Mailer felt obliged to make literature, or better yet a demonic theoretical broadside, out of his hump-piles and pungent smoke. His notorious essay “The White Negro: Superficial Reflections on the Hipster” (1957) celebrates the men and women who, in the teeth of death as it awaits them in the 20th century, by thermonuclear blast, extermination camp, or cancer, “set out on that uncharted journey into the rebellious imperatives of the self,” “encourage the psychopath in [themselves] . . . [and] explore that domain of experience where security is boredom and therefore -sickness.”
The passage that horrified even sometime admirers and sealed Mailer’s stinking notoriety justifies and indeed honors the murder of a 50-year-old candy-store owner by two young hoodlums, for so apparently cowardly an act requires the courage of facing down the law: “The hoodlum is therefore daring the unknown, and so no matter how brutal the act, it is not altogether cowardly.” To dare the unknown marks Mailer’s consummately vital man, the man who really knows how to live. Energy rather than goodness is the measure of his worth.
The increasing wantonness of his life and the unhinged abandon of his thought were the portent of something truly loathsome. At a Saturday-night party in November 1960, after Adele locked herself in the bathroom with another woman, the drunken and disoriented Mailer stabbed his wife, piercing the pericardial sac and nearly killing her. While she lay in the hospital, he wandered the city and even appeared on a television show with Mike Wallace, advocating that jousting tournaments (horses, armor, lances) for juvenile delinquents be held in Central Park. When he did go to the hospital looking for Adele, the police arrested him. Despite Mailer’s protests that if he were committed to a mental hospital, his writing would be forever suspect—“My pride is that I can explore areas of experience that other men are afraid of”—the magistrate sent him off to Bellevue; after 17 days of observation, the medical authorities declared him sane. He wound up pleading guilty to the stabbing and received a suspended sentence and three years’ probation. In 1961, at the 92nd Street Y, he read the following poem: “So long as you use a knife there’s some love left.”...

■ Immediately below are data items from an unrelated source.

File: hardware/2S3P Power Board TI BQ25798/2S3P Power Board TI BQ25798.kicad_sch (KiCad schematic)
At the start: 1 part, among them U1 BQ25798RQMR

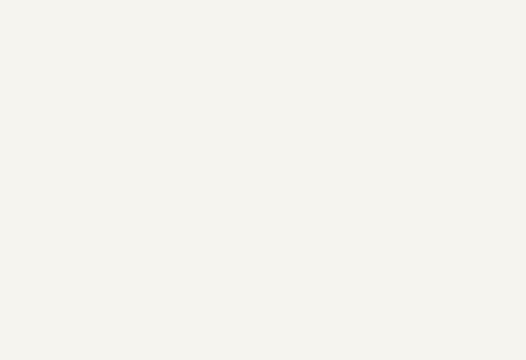
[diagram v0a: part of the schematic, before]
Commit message: Selected USB PD chip
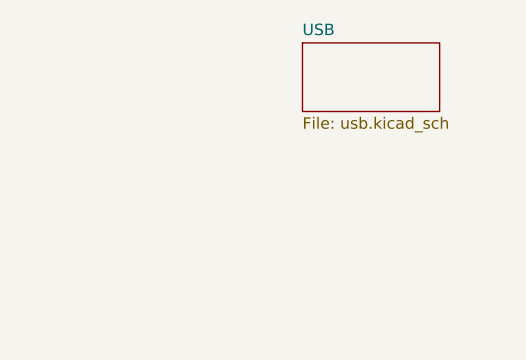
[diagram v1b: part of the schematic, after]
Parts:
- U1: MPN (none) -> C2876593
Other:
- added sheet USB (usb.kicad_sch)
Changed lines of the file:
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@@
       (effects (font (size 1.27 1.27) italic) hide)
+    )
+    (property "MPN" "C2876593" (at 119.38 58.42 0)
+      (effects (font (size 1.27 1.27)) hide)
     )
     (pin "2")
@@
       )
     )
+  )
+  (sheet (at 245.11 16.51) (size 15.24 7.62) (fields_autoplaced)
+    (stroke (width 0.1524) (type solid))
+    (fill (color 0 0 0 0.0000))
+    (property "Sheetname" "USB" (at 245.11 15.7984 0)
+      (effects (font (size 1.27 1.27)) (justify left bottom))
+    )
+    (property "Sheetfile" "usb.kicad_sch" (at 245.11 24.7146 0)
+      (effects (font (size 1.27 1.27)) (justify left top))
+    )
+    (instances
+      (project "2S3P Power Board TI BQ25798"
+        (path "/d7fbba2e-84c5-4e09-9d36-52dae726d12d" (page "2"))
+      )
+    )

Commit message: Checkpointing progress
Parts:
- renumbered U1 to U201
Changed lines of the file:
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@@
   (symbol (lib_id "TI BQ25798:BQ25798RQMR") (at 119.38 58.42 0) (unit 1)
     (in_bom yes) (on_board yes) (dnp no) (fields_autoplaced)
-    (property "Reference" "U1" (at 142.24 48.26 0)
+    (property "Reference" "U201" (at 142.24 48.26 0)
       (effects (font (size 1.524 1.524)))
     )
@@
       (project "2S3P Power Board TI BQ25798"
         (path "/d7fbba2e-84c5-4e09-9d36-52dae726d12d"
-          (reference "U1") (unit 1)
+          (reference "U201") (unit 1)
         )
       )

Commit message: First draft of USB section
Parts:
- U201: Manufacturer (none) -> TEXAS INSTRUMENTS; Manufacturer Part Number (none) -> BQ25798RQMR
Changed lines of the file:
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@@
+      (effects (font (size 1.27 1.27)) hide)
+    )
+    (property "Manufacturer" "TEXAS INSTRUMENTS" (at 119.38 58.42 0)
+      (effects (font (size 1.27 1.27)) hide)
+    )
+    (property "Manufacturer Part Number" "BQ25798RQMR" (at 119.38 58.42 0)
       (effects (font (size 1.27 1.27)) hide)
     )

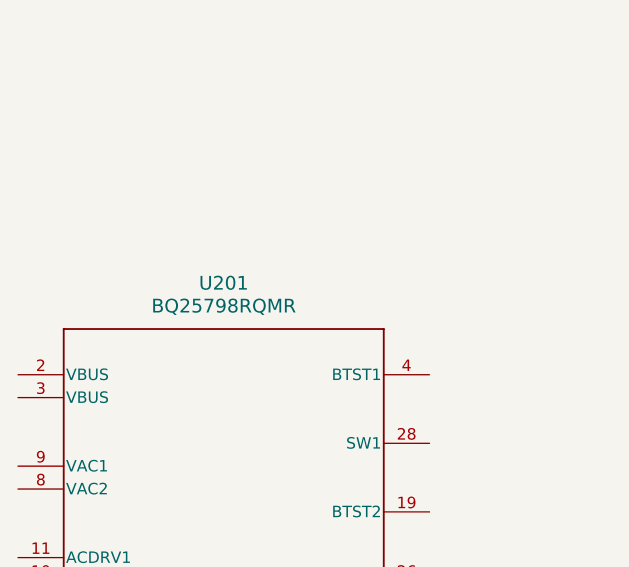
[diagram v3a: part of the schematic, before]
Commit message: Fix part numbering
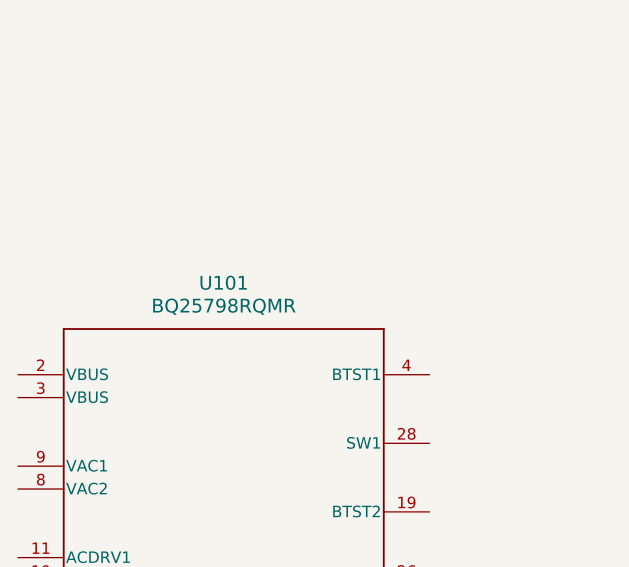
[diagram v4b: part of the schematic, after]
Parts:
- renumbered U201 to U101
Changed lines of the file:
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@@
   (symbol (lib_id "TI BQ25798:BQ25798RQMR") (at 119.38 58.42 0) (unit 1)
     (in_bom yes) (on_board yes) (dnp no) (fields_autoplaced)
-    (property "Reference" "U201" (at 142.24 48.26 0)
+    (property "Reference" "U101" (at 142.24 48.26 0)
       (effects (font (size 1.524 1.524)))
     )
@@
       (project "2S3P Power Board TI BQ25798"
         (path "/d7fbba2e-84c5-4e09-9d36-52dae726d12d"
-          (reference "U201") (unit 1)
+          (reference "U101") (unit 1)
         )
       )

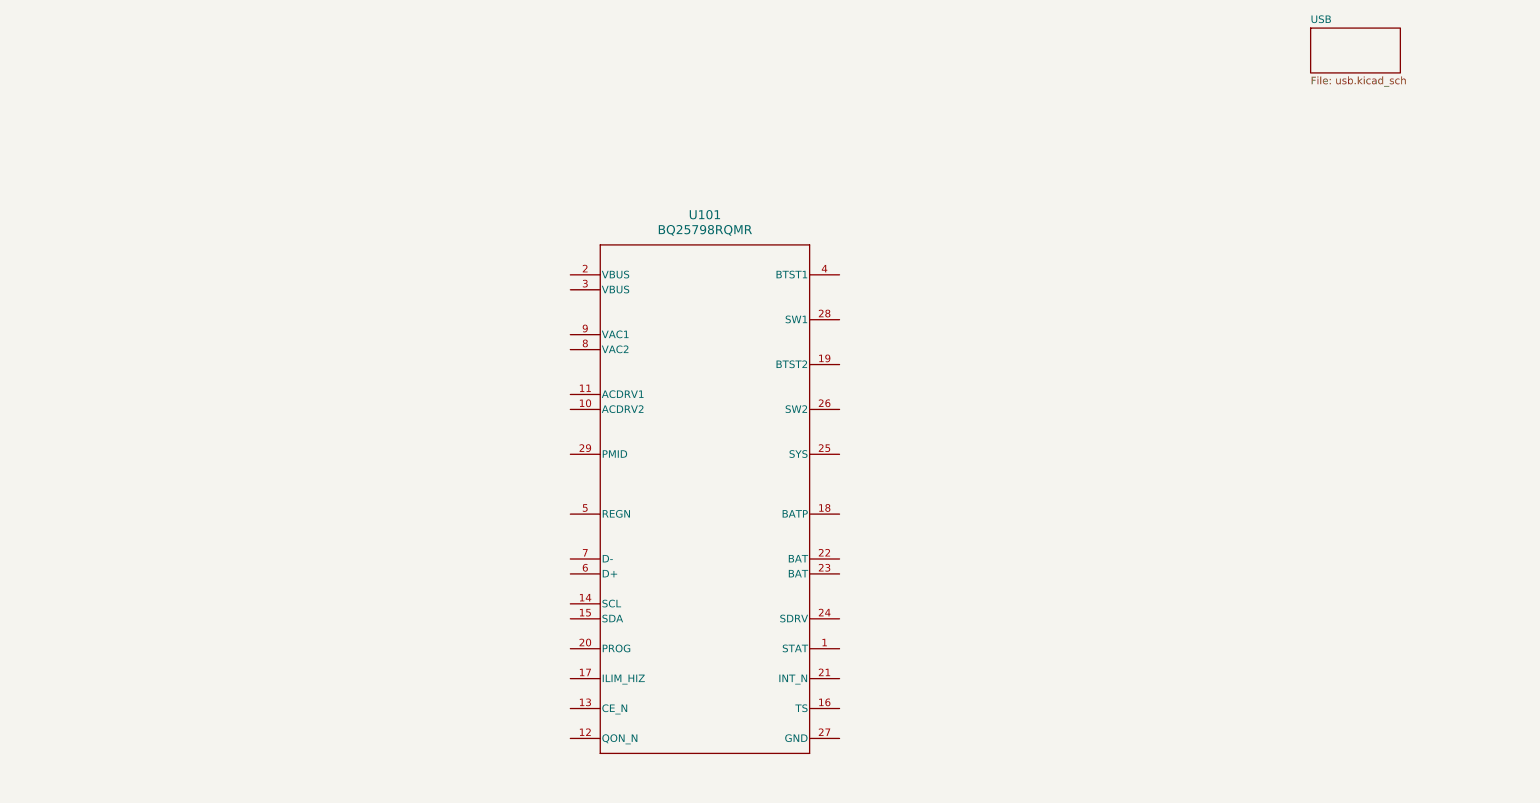
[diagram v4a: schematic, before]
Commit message: Set up input selection into the BQ25798
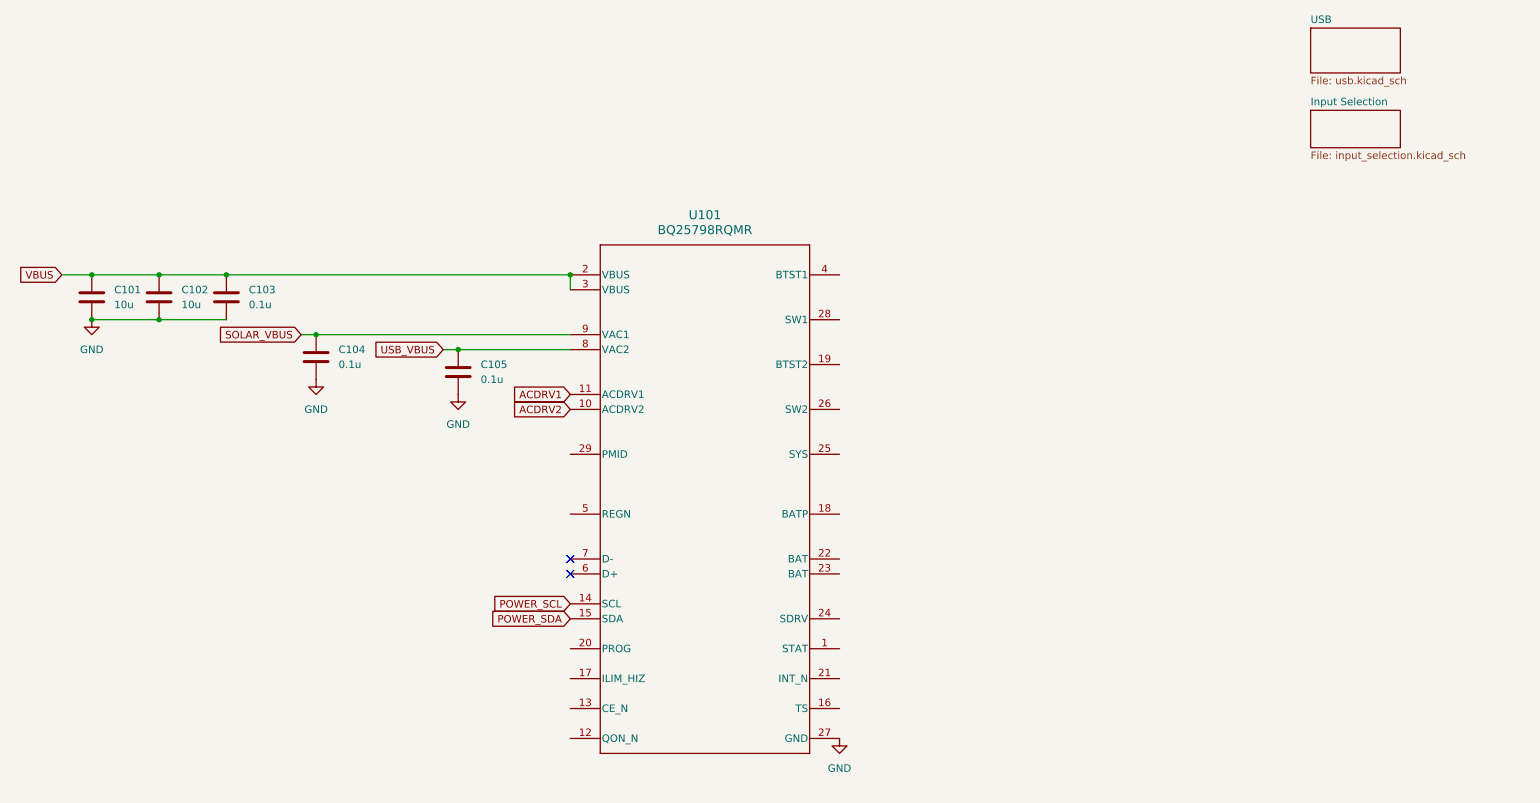
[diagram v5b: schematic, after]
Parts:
- added C101, C102: 10u, Capacitor_SMD:C_0805_2012Metric, symbol Device:C
- added C103, C104, C105: 0.1u, Capacitor_SMD:C_0402_1005Metric, symbol Device:C
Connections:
- net ACDRV2: now reaches U101.10 (ACDRV2)
- net ACDRV1: now reaches U101.11 (ACDRV1)
- net POWER_SCL: now reaches U101.14 (SCL)
- net POWER_SDA: now reaches U101.15 (SDA)
- net VBUS: now reaches U101.2 (VBUS)
- net VBUS: now also U101.3 (VBUS), C101.1, C102.1, C103.1
- net GND: now reaches U101.27 (GND)
- net GND: now also C101.2, C102.2, C103.2, C104.2, C105.2
- net USB_VBUS: now reaches U101.8 (VAC2)
- net USB_VBUS: now also C105.1
- net SOLAR_VBUS: now reaches U101.9 (VAC1)
- net SOLAR_VBUS: now also C104.1
- no-connect marks 0 -> 2
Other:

.. But he was also hell-bent on fame as the whimsical passions of the hour dispensed it, craving the narcotic of his outsize image in the press and on television, perpetually measuring his accomplishment against those of his contemporaries and invariably proclaiming himself biggest.
His vulgarity was a more significant factor in his allure than whatever he possessed of high aspiration. The way his most serious ambition was joined to his crassest need made him singularly appealing to a literary public that fed on nonsensical political ideas and fantasies of artistic superstardom, with its fabulous perquisites of cultural ubiquity, wealth, and hot sex.
He fancied himself one of the big thinkers, and most of his ideas were not only bad but appalling; for he lived largely for the body’s pleasures, actual and vicarious, and adopted ideas that serviced those pleasures. T.S. -Eliot remarked that a great writer creates the taste by which he is appreciated; Mailer helped create the moral confusion amid which he was glorified—not quite what Eliot had in mind.
Until he is forgotten, Mailer should be remembered not only in a fool’s cap and bells but also in a scoundrel’s midnight black. For in an age crawling with intellectual folly, he was one of the reigning dunces, even his best works were shot through with adolescent fatuities, while the worst of his words and deeds were stupid and vicious without bottom. One is torn between wishing that his memory would disappear immediately and wanting his remains to hang at the crossroads as a lasting reminder to others.